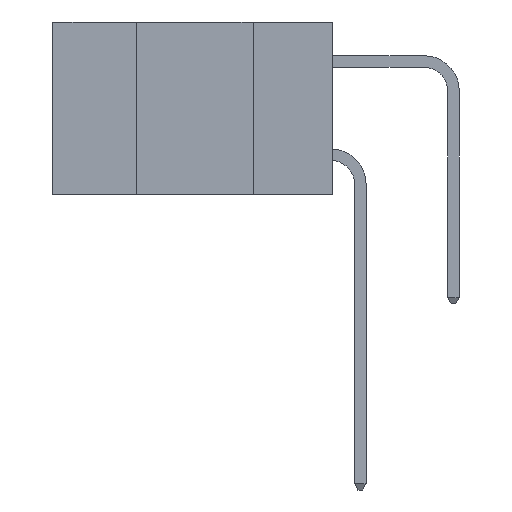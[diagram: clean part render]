
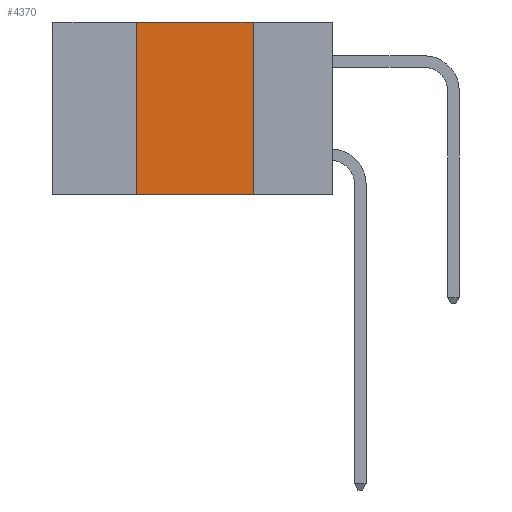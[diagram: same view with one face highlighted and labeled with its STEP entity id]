
A CAD part, left-side view. The second image highlights one B-rep face of the part: STEP entity #4370.
In plain terms, the highlighted planar face has unit normal (-1, 0, 0).
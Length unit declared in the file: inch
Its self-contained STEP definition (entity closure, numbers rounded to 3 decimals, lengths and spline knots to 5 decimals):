
#1175 = EDGE_CURVE ( 'NONE', #1683, #13131, #3558, .T. ) ;
#1625 = CARTESIAN_POINT ( 'NONE',  ( 0., 0.6, -0.37 ) ) ;
#1683 = VERTEX_POINT ( 'NONE', #5654 ) ;
#2255 = DIRECTION ( 'NONE',  ( 0., -1., 0. ) ) ;
#3422 = LINE ( 'NONE', #13280, #11890 ) ;
#3436 = VECTOR ( 'NONE', #2255, 39.37008 ) ;
#3558 = LINE ( 'NONE', #7156, #8753 ) ;
#4370 = ADVANCED_FACE ( 'NONE', ( #13689 ), #6013, .F. ) ;
#4475 = ORIENTED_EDGE ( 'NONE', *, *, #5925, .T. ) ;
#4822 = CARTESIAN_POINT ( 'NONE',  ( 0., 0.17, 0. ) ) ;
#5410 = VERTEX_POINT ( 'NONE', #4822 ) ;
#5454 = AXIS2_PLACEMENT_3D ( 'NONE', #5997, #5980, #5978 ) ;
#5654 = CARTESIAN_POINT ( 'NONE',  ( 0., 0.42, -0.37 ) ) ;
#5925 = EDGE_CURVE ( 'NONE', #1683, #10831, #6449, .T. ) ;
#5978 = DIRECTION ( 'NONE',  ( 0., 0., -1. ) ) ;
#5980 = DIRECTION ( 'NONE',  ( 1., 0., 0. ) ) ;
#5997 = CARTESIAN_POINT ( 'NONE',  ( 0., 0.6, 0. ) ) ;
#6013 = PLANE ( 'NONE',  #5454 ) ;
#6407 = EDGE_CURVE ( 'NONE', #13131, #5410, #3422, .T. ) ;
#6449 = LINE ( 'NONE', #1625, #3436 ) ;
#6742 = CARTESIAN_POINT ( 'NONE',  ( 0., 0.42, 0. ) ) ;
#7156 = CARTESIAN_POINT ( 'NONE',  ( 0., 0.42, -0.37 ) ) ;
#7429 = VECTOR ( 'NONE', #12321, 39.37008 ) ;
#7610 = ORIENTED_EDGE ( 'NONE', *, *, #1175, .F. ) ;
#7751 = LINE ( 'NONE', #12506, #7429 ) ;
#7833 = EDGE_LOOP ( 'NONE', ( #10498, #9831, #7610, #4475 ) ) ;
#8753 = VECTOR ( 'NONE', #9366, 39.37008 ) ;
#9366 = DIRECTION ( 'NONE',  ( 0., 0., 1. ) ) ;
#9831 = ORIENTED_EDGE ( 'NONE', *, *, #6407, .F. ) ;
#10498 = ORIENTED_EDGE ( 'NONE', *, *, #12613, .F. ) ;
#10831 = VERTEX_POINT ( 'NONE', #12858 ) ;
#11890 = VECTOR ( 'NONE', #13326, 39.37008 ) ;
#12321 = DIRECTION ( 'NONE',  ( 0., 0., -1. ) ) ;
#12506 = CARTESIAN_POINT ( 'NONE',  ( 0., 0.17, -0.37 ) ) ;
#12613 = EDGE_CURVE ( 'NONE', #5410, #10831, #7751, .T. ) ;
#12858 = CARTESIAN_POINT ( 'NONE',  ( 0., 0.17, -0.37 ) ) ;
#13131 = VERTEX_POINT ( 'NONE', #6742 ) ;
#13280 = CARTESIAN_POINT ( 'NONE',  ( 0., 0.6, 0. ) ) ;
#13326 = DIRECTION ( 'NONE',  ( 0., -1., 0. ) ) ;
#13689 = FACE_OUTER_BOUND ( 'NONE', #7833, .T. ) ;

Your task:
Looking at the records, report the number of lines that hold the string "VECTOR", with no other text.

Task response:
4